I think we could change "dnf repoquery --location" to always use a mirror it downloaded the repository from. The original URL is somewhere cached, I believe.

This would sound better! Btw., how are the particular repositories picked (the one to read metadata and the one reported)? If there's no GET/HEAD checking, is there some intentional round-robin mechanism?

Or would you expect "dnf repoquery --location" to do a GET/HEAD request on every invocation?

For particular RPMs? Probably no (even though our use-case would be OK with that). For repomd.html? Maybe. There's something DNF can do for the potential --location consumers.... such a tool would have no info about potential other mirrors (no possibility to implement the fallback).

ppisar commented 2 weeks ago

how are the particular repositories picked (the one to read metadata and the one reported)? If there's no GET/HEAD checking, is there some intentional round-robin mechanism?

If I remember correctly, metadata are fetched from the first item on the list returned by a mirror manager. Mirror manager sorts the list based on location of the client, excluding out-dated mirrors. Mirror manager's reply also contains a current repository revision. DNF then checks that the mirror contains that revision. If it doesn't , next mirror on the list is tried.

Regarding downloading packages, I don't know. I believe that the mirrors are tried in the same order as on the list. I have no idea if there is a kind of round robin employed. Maybe the list is already randomized by the mirror manager. But I really don't know. If you are interested, read librepo sources.

praiskup commented 2 weeks ago

The way you describe the mirroring works, it seems robust. If DNF checks the revision, I'm curious how the problem could appear.

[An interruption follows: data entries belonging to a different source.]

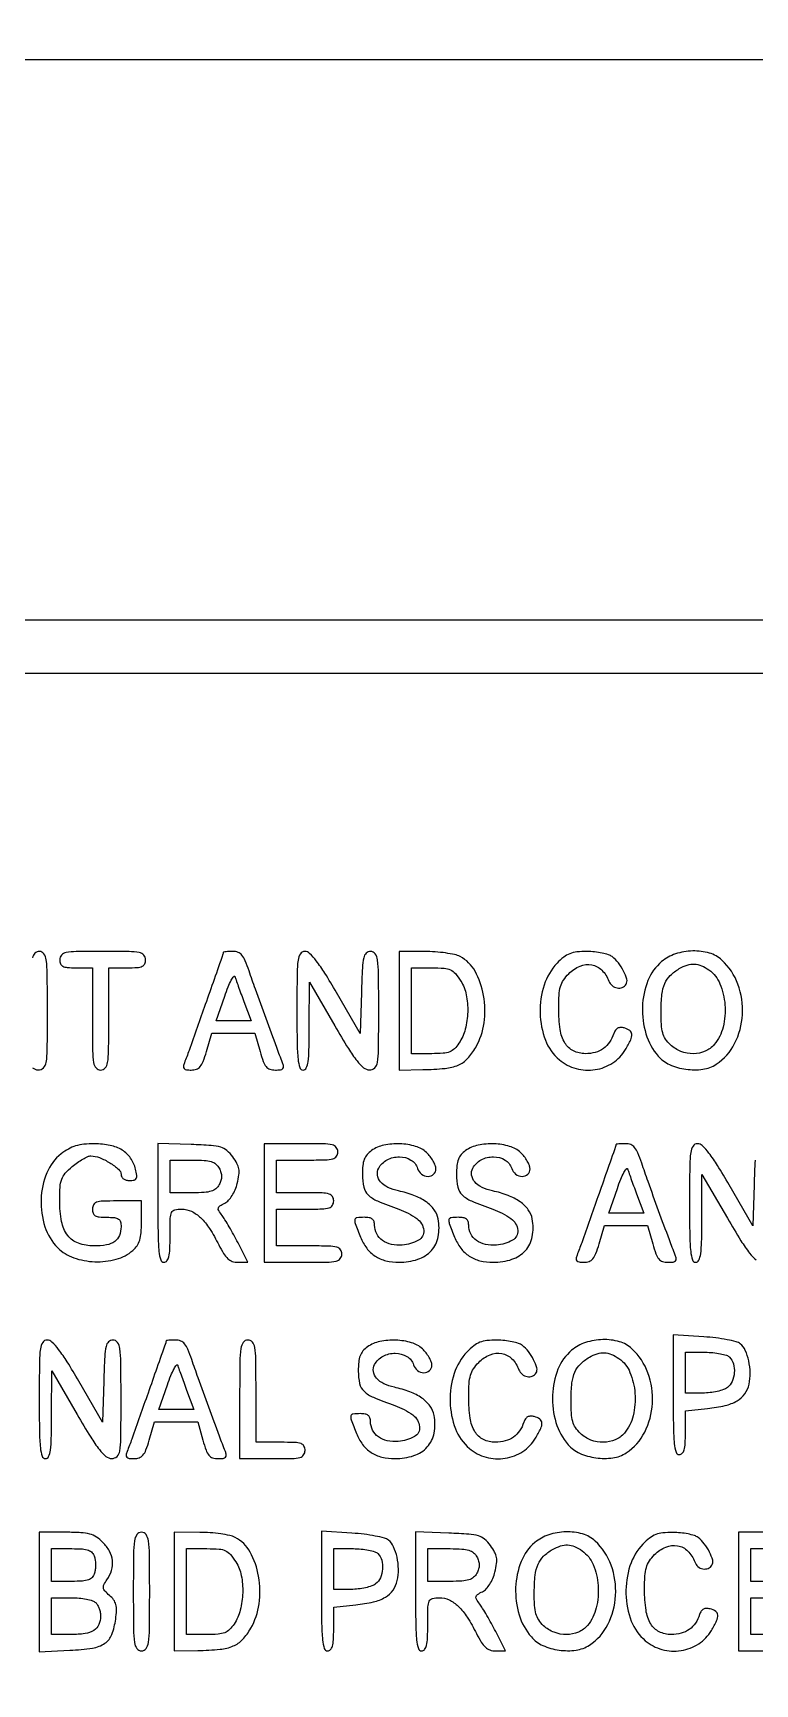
# Model space of a CAD drawing. Extents: x 0 to 1066, y 0 to 761.
# Drawn here: x 909.24 to 924.17, y 368.76 to 402.91 of the extents above; entities that cross this region are included whole.
import ezdxf

# ---------------------------------------------------------------- set-up
doc = ezdxf.new("R2010")
doc.units = 0
doc.header["$MEASUREMENT"] = 0

msp = doc.modelspace()

# ---------------------------------------------------------------- linework, layer by layer
for points in [[(183.390323, 95.266879, 0.000001), (192.989143, 95.254457, 0.000118)], [(479.458836, 95.240684, -0.000004), (502.524384, 95.211821, -0.198594)], [(710.559243, 95.267872, -0.000023), (733.258836, 95.240684, -0.000004), (756.324384, 95.211821, -0.198594)], [(542.992229, 95.24091, -0.000004), (565.972908, 95.212432, -0.198597)], [(606.442229, 95.24091, -0.000004), (629.422908, 95.212432, -0.198597)], [(669.892229, 95.24091, -0.000004), (692.872908, 95.212432, -0.198597)], [(909.223326, 381.509438, 0.170079), (909.34425, 381.464707, 0.199339), (909.452531, 381.507473, 0.163117), (909.510225, 381.618906, 0.036571), (909.531304, 381.877781, 0.002034), (909.5346, 382.6881, 0.002367), (909.530969, 383.455272, 0.031318), (909.510584, 383.737583, 0.117824), (909.460777, 383.866277, 0.246563), (909.36836, 383.9148, 0.195513), (909.277555, 383.877882, 0.145553), (909.224252, 383.782456, 0.043894)], [(924.170939, 379.599993, 0.004128), (924.15221, 379.088718), (924.1281, 378.238836), (923.634917, 379.088718, 0.007787), (923.394838, 379.487983, 0.025041), (923.218001, 379.74261, 0.035073), (923.080147, 379.897518, 0.195814), (922.979267, 379.9386, 0.254619), (922.889261, 379.889588, 0.110911), (922.840751, 379.757758, 0.030502), (922.820487, 379.471586, 0.002427), (922.8168, 378.7119, 0.003213), (922.821128, 378.038379, 0.022561), (922.840138, 377.7108, 0.049302), (922.876053, 377.535077, 0.328801), (922.9437, 377.4852, 0.295501), (923.009072, 377.527531, 0.070336), (923.046806, 377.658231, 0.029944), (923.06684, 377.905794, 0.004715), (923.072437, 378.39465), (923.074274, 379.3041), (923.601187, 378.397957, 0.006242), (923.880561, 377.931024, 0.029041), (924.060282, 377.673737, 0.052989), (924.197526, 377.533238, 0.170079)], [(924.5934, 371.9016), (923.832, 371.9016), (923.832, 370.6749), (923.832, 369.4482), (924.6357, 369.4482, 0.004147)], [(924.678, 370.8864), (924.0858, 370.8864), (924.0858, 371.2248), (924.0858, 371.5632), (924.7203, 371.5632, 0.005909)], [(924.7626, 369.7866), (924.0858, 369.7866), (924.0858, 370.1673), (924.0858, 370.548), (924.678, 370.548, 0.006583)]]:
    msp.add_lwpolyline(points, format="xyb")
for points in [[(409.06215, 749.15415), (40.8618, 749.132981), (40.8618, 380.65769), (40.8618, 12.1824), (501.2973, 12.1824), (961.7328, 12.1824), (961.7328, 380.646631), (961.7328, 749.110861), (961.41555, 749.1633, 0.040886), (961.153339, 749.184871, 0.000002), (934.190609, 749.194398, 0.000089), (904.448031, 749.199508, 0.000054), (869.1804, 749.195529, -0.000029), (813.61687, 749.186499, -0.000004), (696.10453, 749.175037, -0.000004), (556.774728, 749.163736, -0.000004)], [(909.7884, 383.7456, 0.094959), (909.804963, 383.659174, 0.184152), (909.85185, 383.608125, 0.098846), (909.944839, 383.58273, 0.017388), (910.1268, 383.5764), (910.4652, 383.5764), (910.4652, 382.5189, 0.002827), (910.468931, 381.858941, 0.036854), (910.489734, 381.614737, 0.138781), (910.540994, 381.504268, 0.218517), (910.6344, 381.4614, 0.218517), (910.727806, 381.504268, 0.138781), (910.779066, 381.614737, 0.036854), (910.799869, 381.858941, 0.002827), (910.8036, 382.5189), (910.8036, 383.5764), (911.1843, 383.5764, 0.013964), (911.394058, 383.582259, 0.090841), (911.496263, 383.60695, 0.188085), (911.546834, 383.657995, 0.102588), (911.565, 383.7456, 0.193568), (911.527802, 383.838085, 0.15568), (911.432813, 383.889621, 0.043488), (911.223805, 383.910867, 0.003595), (910.6767, 383.9148, 0.003595), (910.129595, 383.910867, 0.043488), (909.920588, 383.889621, 0.15568), (909.825598, 383.838085, 0.193568)], [(913.172395, 383.89365, -0.084799), (913.165891, 383.855634, -0.000052), (912.79992, 382.816862, -0.000388), (912.464376, 381.867128, -0.009822), (912.367375, 381.60945, 0.060048), (912.347783, 381.535719, 0.230938), (912.362032, 381.491862, 0.170663), (912.410125, 381.467754, 0.031659), (912.510379, 381.4614, 0.086283), (912.618494, 381.480197, 0.134827), (912.695323, 381.534159, 0.082591), (912.757396, 381.64117, 0.018432), (912.824868, 381.8421), (912.937276, 382.2228), (913.382243, 382.2228), (913.827211, 382.2228), (913.9338, 381.8421, 0.017944), (913.999185, 381.63719, 0.087286), (914.059412, 381.531731, 0.141822), (914.136634, 381.479352, 0.078722), (914.249946, 381.4614, 0.029308), (914.355092, 381.467568, 0.166988), (914.404822, 381.491476, 0.236769), (914.419664, 381.535266, 0.061225), (914.39989, 381.60945, -0.006965), (914.277601, 381.925806, -0.001209), (914.056345, 382.52724, -0.001323), (913.836617, 383.133987, -0.005089), (913.704852, 383.51295, 0.017403), (913.626081, 383.7227, 0.074917), (913.557322, 383.836475, 0.125362), (913.477616, 383.894372, 0.094981), (913.371049, 383.9148, 0.00999), (913.294884, 383.913278, 0.016528), (913.230752, 383.908587, 0.010464), (913.179648, 383.902062, 0.371455)], [(914.6952, 382.6881, 0.003213), (914.699528, 382.014579, 0.022561), (914.718538, 381.687, 0.049302), (914.754453, 381.511277, 0.328801), (914.8221, 381.4614, 0.295501), (914.887472, 381.503731, 0.070336), (914.925206, 381.634431, 0.029944), (914.94524, 381.881994, 0.004715), (914.950837, 382.37085), (914.952674, 383.2803), (915.479587, 382.374157, 0.006242), (915.758961, 381.907224, 0.029041), (915.938682, 381.649937, 0.052989), (916.075926, 381.509438, 0.170079), (916.19685, 381.464707, 0.199339), (916.305131, 381.507473, 0.163117), (916.362825, 381.618906, 0.036571), (916.383904, 381.877781, 0.002034), (916.3872, 382.6881, 0.002367), (916.383569, 383.455272, 0.031318), (916.363184, 383.737583, 0.117824), (916.313377, 383.866277, 0.246563), (916.22096, 383.9148, 0.195513), (916.130155, 383.877882, 0.145553), (916.076852, 383.782456, 0.043894), (916.049339, 383.576193, 0.004128), (916.03061, 383.064918), (916.0065, 382.215036), (915.513317, 383.064918, 0.007787), (915.273238, 383.464183, 0.025041), (915.096401, 383.71881, 0.035073), (914.958547, 383.873718, 0.195814), (914.857667, 383.9148, 0.254619), (914.767661, 383.865788, 0.110911), (914.719151, 383.733958, 0.030502), (914.698887, 383.447786, 0.002427)], [(916.8102, 382.6881), (916.8102, 381.4614), (917.29665, 381.469833, 0.018847), (917.75962, 381.495333, 0.076273), (918.033029, 381.563681, 0.107083), (918.224218, 381.697469, 0.057946), (918.394422, 381.930364, 0.09461), (918.565413, 382.435018, 0.077415), (918.556001, 383.005631, 0.083451), (918.380367, 383.506065, 0.148656), (918.070184, 383.807803, 0.065462), (917.95784, 383.848266, 0.01784), (917.771859, 383.881974, 0.017725), (917.556231, 383.905391, 0.017594), (917.33895, 383.913553), (916.8102, 383.9148)], [(920.076229, 383.67032, 0.114205), (919.808361, 383.21994, 0.083506), (919.725434, 382.641964, 0.085163), (919.835964, 382.079494, 0.127519), (920.124403, 381.673427, 0.108551), (920.470266, 381.491935, 0.105254), (920.864405, 381.469343, 0.106878), (921.228822, 381.608773, 0.11522), (921.491518, 381.883512, 0.021165), (921.600199, 382.086661, 0.127063), (921.623365, 382.203249, 0.232712), (921.580627, 382.278958, 0.086167), (921.466143, 382.331143, 0.067058), (921.389289, 382.340555, 0.120753), (921.328162, 382.324791, 0.12276), (921.281909, 382.282809, 0.07065), (921.249101, 382.214611, -0.072622), (921.162976, 382.037371, -0.089596), (921.034495, 381.906459, -0.08774), (920.866031, 381.826938, -0.066597), (920.663187, 381.7998, -0.114856), (920.413075, 381.858022, -0.145297), (920.239522, 382.018408, -0.099183), (920.139915, 382.301334, -0.035212), (920.1096, 382.731269, -0.014703), (920.117929, 383.014443, -0.055361), (920.147825, 383.189221, -0.07729), (920.209279, 383.321712, -0.049247), (920.317255, 383.453345, -0.096703), (920.550825, 383.610612, -0.146157), (920.792827, 383.637224, -0.15206), (921.003032, 383.52711, -0.107279), (921.148538, 383.30145, 0.127947), (921.214811, 383.207326, 0.131147), (921.31796, 383.158514, 0.142401), (921.425276, 383.169466, 0.159485), (921.504419, 383.236252, 0.211029), (921.518563, 383.338373, 0.047286), (921.453019, 383.505949, 0.046742), (921.344902, 383.67811, 0.065556), (921.216731, 383.806359, 0.088545), (921.139629, 383.846319, 0.025252), (921.008536, 383.879936, 0.02458), (920.854106, 383.903494, 0.023821), (920.696478, 383.912109, 0.026305), (920.48643, 383.902519, 0.068477), (920.339586, 383.867366, 0.074054), (920.214448, 383.795792, 0.034872)], [(922.239403, 383.702773, 0.123885), (921.956212, 383.310077, 0.085485), (921.842637, 382.771157, 0.082885), (921.915108, 382.209136, 0.104562), (922.166839, 381.750526, 0.111799), (922.404809, 381.574175, 0.06908), (922.741208, 381.478481, 0.069045), (923.091165, 381.478015, 0.111332), (923.369082, 381.582081, 0.131426), (923.749839, 382.00806, 0.103697), (923.910254, 382.607711, 0.101152), (923.81759, 383.234053, 0.118621), (923.486971, 383.733619, 0.118666), (923.227235, 383.880201, 0.075716), (922.881556, 383.924138, 0.073305), (922.526541, 383.862807, 0.095814)], [(918.085153, 383.30145, -0.090931), (918.197474, 383.019731, -0.056823), (918.227535, 382.664809, -0.056208), (918.176625, 382.306988, -0.081785), (918.04783, 382.016109, -0.053857), (917.954567, 381.902566, -0.102503), (917.855565, 381.838935, -0.073821), (917.717888, 381.808209, -0.018052), (917.48505, 381.7998), (917.064, 381.7998), (917.064, 382.6881), (917.064, 383.5764), (917.488243, 383.5764, -0.017821), (917.738218, 383.567488, -0.090339), (917.872717, 383.532935, -0.111314), (917.972476, 383.456566, -0.033754)], [(923.218497, 383.531039, -0.143223), (923.446198, 383.246723, -0.079931), (923.54866, 382.811553, -0.077332), (923.510465, 382.350418, -0.11509), (923.329196, 381.99015, -0.119537), (923.140784, 381.850595, -0.098447), (922.895127, 381.799952, -0.09388), (922.638677, 381.846662, -0.097006), (922.420403, 381.983747, -0.056872), (922.319483, 382.10284, -0.080028), (922.261587, 382.229196, -0.054705), (922.233763, 382.400924, -0.014142), (922.227291, 382.681697, -0.025001), (922.246355, 383.026555, -0.075567), (922.305782, 383.253538, -0.098225), (922.419237, 383.418405, -0.062967), (922.6053, 383.558819, -0.051006), (922.770066, 383.632158, -0.090781), (922.916714, 383.652195, -0.090761), (923.060971, 383.618981, -0.050966)], [(913.598555, 382.87845), (913.748344, 382.4766), (913.386038, 382.4766), (913.023732, 382.4766), (913.201543, 382.991018, -0.011999), (913.272293, 383.180824, -0.026422), (913.337317, 383.321259, -0.047278), (913.387634, 383.397901, -0.601846), (913.41406, 383.392868, 0.009837), (913.435896, 383.326695, 0.001488), (913.482571, 383.195323, 0.001668), (913.538662, 383.040556, 0.001442)], [(909.818128, 379.726743, 0.129246), (909.522005, 379.334097, 0.088626), (909.403813, 378.785792, 0.087215), (909.482365, 378.222133, 0.118789), (909.74916, 377.785931, 0.112618), (910.077624, 377.579494, 0.075265), (910.515735, 377.496795, 0.075304), (910.958452, 377.547485, 0.113008), (911.300323, 377.729566, 0.065979), (911.388155, 377.828789, 0.074329), (911.442872, 377.943691, 0.054743), (911.471767, 378.096684, 0.019325), (911.4804, 378.319973), (911.4804, 378.7542), (910.9728, 378.7542, 0.008455), (910.679102, 378.749233, 0.072107), (910.5498, 378.726, 0.188641), (910.488268, 378.674732, 0.12648), (910.4652, 378.585, 0.087745), (910.480199, 378.500192, 0.177212), (910.523363, 378.449036, 0.10769), (910.606966, 378.422753, 0.022514), (910.7613, 378.4158, -0.021714), (910.923385, 378.408758, -0.124268), (911.004065, 378.380751, -0.187079), (911.044495, 378.324064, -0.062494), (911.0574, 378.22122, -0.091498), (911.023763, 378.038947, -0.148314), (910.927974, 377.915386, -0.113347), (910.757888, 377.845247, -0.041372), (910.49672, 377.8236, -0.086758), (910.174134, 377.879999, -0.145015), (909.953923, 378.041975, -0.116882), (909.827979, 378.327149, -0.045825), (909.7884, 378.758089, -0.015089), (909.797047, 379.044568, -0.073154), (909.830295, 379.203358, -0.095003), (909.903751, 379.325379, -0.035007), (910.048691, 379.46578, -0.021479), (910.157486, 379.549617, -0.024071), (910.269126, 379.620463, -0.024321), (910.368991, 379.671028, -0.105406), (910.433592, 379.6848, -0.095864), (910.610927, 379.650484, -0.042073), (910.825496, 379.542465, -0.039621), (911.007919, 379.409547, -0.218876), (911.0574, 379.301927, 0.137225), (911.070937, 379.253532, 0.104143), (911.108796, 379.213139, 0.087371), (911.166339, 379.186335, 0.065501), (911.235771, 379.1772, 0.051376), (911.328748, 379.186779, 0.224479), (911.371699, 379.219225, 0.158116), (911.38238, 379.281988, 0.023398), (911.357542, 379.40985, 0.090086), (911.255294, 379.63984, 0.105062), (911.082833, 379.804882, 0.089301), (910.83428, 379.902988, 0.048933), (910.5075, 379.935781, 0.02471), (910.288034, 379.925418, 0.049497), (910.117912, 379.891729, 0.05494), (909.969439, 379.828221, 0.038421)], [(911.8188, 378.715321, 0.003202), (911.823126, 378.039813, 0.022501), (911.842132, 377.71137, 0.049121), (911.87803, 377.535147, 0.329081), (911.9457, 377.4852, 0.232029), (912.007437, 377.51548, 0.108427), (912.046569, 377.598, 0.047315), (912.067301, 377.753857, 0.00942), (912.0726, 378.0351, -0.00595), (912.076907, 378.397065, -0.096871), (912.102944, 378.515198, -0.238613), (912.16761, 378.568815, -0.056005), (912.311653, 378.585, -0.111153), (912.513105, 378.539656, -0.081177), (912.70242, 378.408801, -0.058854), (912.88811, 378.182171, -0.025924), (913.079972, 377.84475, 0.021841), (913.179716, 377.665953, 0.069009), (913.26687, 377.560427, 0.100305), (913.359378, 377.504632, 0.085906), (913.471645, 377.4852), (913.68285, 377.4852), (913.476673, 377.88705, 0.006834), (913.388606, 378.053072, 0.006481), (913.294498, 378.219612, 0.006451), (913.207451, 378.36476, 0.022591), (913.146027, 378.454875, -0.02569), (913.079448, 378.553864, -0.192002), (913.070529, 378.608664, -0.198014), (913.101863, 378.65359, -0.027525), (913.202728, 378.710775, 0.089041), (913.280681, 378.768614, 0.046566), (913.355198, 378.864276, 0.042448), (913.418434, 378.984602, 0.038847), (913.462664, 379.117463, 0.026721), (913.496634, 379.293822, 0.076578), (913.494642, 379.418241, 0.082928), (913.455616, 379.530584, 0.035157), (913.369272, 379.665262, 0.057331), (913.246702, 379.79554, 0.10358), (913.118317, 379.864832, 0.055706), (912.923185, 379.899774, 0.007564), (912.507958, 379.920871), (911.8188, 379.945443)], [(914.0184, 378.7119), (914.0184, 377.4852), (914.8221, 377.4852, 0.004147), (915.312809, 377.48927, 0.047763), (915.504188, 377.510803, 0.16431), (915.591594, 377.562393, 0.179874), (915.6258, 377.6544, 0.157888), (915.59626, 377.745616, 0.176663), (915.52005, 377.797163, 0.055952), (915.355178, 377.819253, 0.005351), (914.949, 377.8236), (914.2722, 377.8236), (914.2722, 378.2043), (914.2722, 378.585), (914.8644, 378.585, 0.006583), (915.214292, 378.589607, 0.063075), (915.361425, 378.612193, 0.183695), (915.43027, 378.663626, 0.142406), (915.4566, 378.7542, 0.142406), (915.43027, 378.844774, 0.183695), (915.361425, 378.896207, 0.063075), (915.214292, 378.918793, 0.006583), (914.8644, 378.9234), (914.2722, 378.9234), (914.2722, 379.2618), (914.2722, 379.6002), (914.9067, 379.6002, 0.005909), (915.284726, 379.604667, 0.059311), (915.440738, 379.62699, 0.180365), (915.513256, 379.678488, 0.150217), (915.5412, 379.7694, 0.17273), (915.508527, 379.861157, 0.168559), (915.424875, 379.91275, 0.050222), (915.242322, 379.934449, 0.004487), (914.7798, 379.9386), (914.0184, 379.9386)], [(916.23915, 379.796944, 0.064007), (916.146352, 379.712732, 0.085808), (916.088551, 379.615165, 0.066535), (916.058034, 379.485274, 0.024477), (916.0488, 379.296758, 0.055339), (916.077437, 379.038812, 0.149321), (916.167673, 378.880324, 0.090969), (916.361444, 378.754662, 0.013145), (916.802897, 378.584657, -0.070637), (917.177395, 378.388569, -0.215768), (917.317151, 378.145824, -0.299828), (917.209396, 377.941464, -0.104684), (916.875604, 377.84027, -0.073735), (916.649138, 377.854205, -0.104161), (916.464847, 377.935673, -0.119079), (916.345523, 378.074512, -0.118782), (916.3026, 378.252643, 0.082235), (916.290146, 378.327852, 0.147435), (916.254033, 378.378334, 0.119852), (916.189824, 378.406894, 0.045016), (916.0911, 378.4158, 0.028442), (915.936693, 378.40701, 0.327023), (915.894592, 378.368113, 0.139119), (915.901229, 378.288942, 0.005125), (916.011089, 378.006001, 0.065244), (916.139877, 377.776252, 0.088006), (916.313242, 377.613438, 0.085852), (916.53554, 377.517565, 0.059042), (916.808673, 377.4852, 0.079385), (917.197877, 377.547386, 0.130563), (917.475688, 377.728024, 0.137881), (917.617828, 378.014502, 0.093265), (917.618028, 378.381247, 0.114024), (917.534495, 378.572128, 0.079467), (917.36547, 378.736886, 0.063948), (917.116122, 378.8687, 0.038754), (916.794966, 378.961434, -0.060203), (916.578287, 379.034177, -0.103319), (916.427206, 379.149045, -0.141227), (916.362842, 379.287835, -0.162669), (916.387278, 379.431146, -0.149104), (916.561037, 379.604203, -0.123853), (916.815431, 379.666698, -0.133716), (917.054753, 379.6001, -0.183571), (917.192273, 379.426672, 0.153609), (917.274187, 379.310012, 0.157876), (917.407216, 379.262861, 0.194842), (917.523196, 379.306172, 0.210147), (917.5716, 379.416253, 0.093821), (917.557933, 379.488446, 0.037607), (917.514083, 379.57937, 0.035541), (917.450723, 379.672863, 0.037508), (917.375797, 379.754653, 0.118482), (917.15007, 379.883394, 0.061394), (916.827723, 379.935356, 0.060569), (916.495556, 379.907454, 0.10142)], [(918.18495, 379.796944, 0.064007), (918.092152, 379.712732, 0.085808), (918.034351, 379.615165, 0.066535), (918.003834, 379.485274, 0.024477), (917.9946, 379.296758, 0.055339), (918.023237, 379.038812, 0.149321), (918.113473, 378.880324, 0.090969), (918.307244, 378.754662, 0.013145), (918.748697, 378.584657, -0.070637), (919.123195, 378.388569, -0.215768), (919.262951, 378.145824, -0.299828), (919.155196, 377.941464, -0.104684), (918.821404, 377.84027, -0.073735), (918.594938, 377.854205, -0.104161), (918.410647, 377.935673, -0.119079), (918.291323, 378.074512, -0.118782), (918.2484, 378.252643, 0.082235), (918.235946, 378.327852, 0.147435), (918.199833, 378.378334, 0.119852), (918.135624, 378.406894, 0.045016), (918.0369, 378.4158, 0.028442), (917.882493, 378.40701, 0.327023), (917.840392, 378.368113, 0.139119), (917.847029, 378.288942, 0.005125), (917.956889, 378.006001, 0.065244), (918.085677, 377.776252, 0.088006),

praiskup commented 1 week ago

A similar problem was reported by @kdudka for the epel-7 (yum-utils !) build chroot; occasionally, outdated EPEL 7 mirror is chosen for loading of metadata, and the corresponding RPMs are not available (e.g. wrong epel-rpm-macros-7.23 install attempt failures, while we should install epel-rpm-macros-7.38).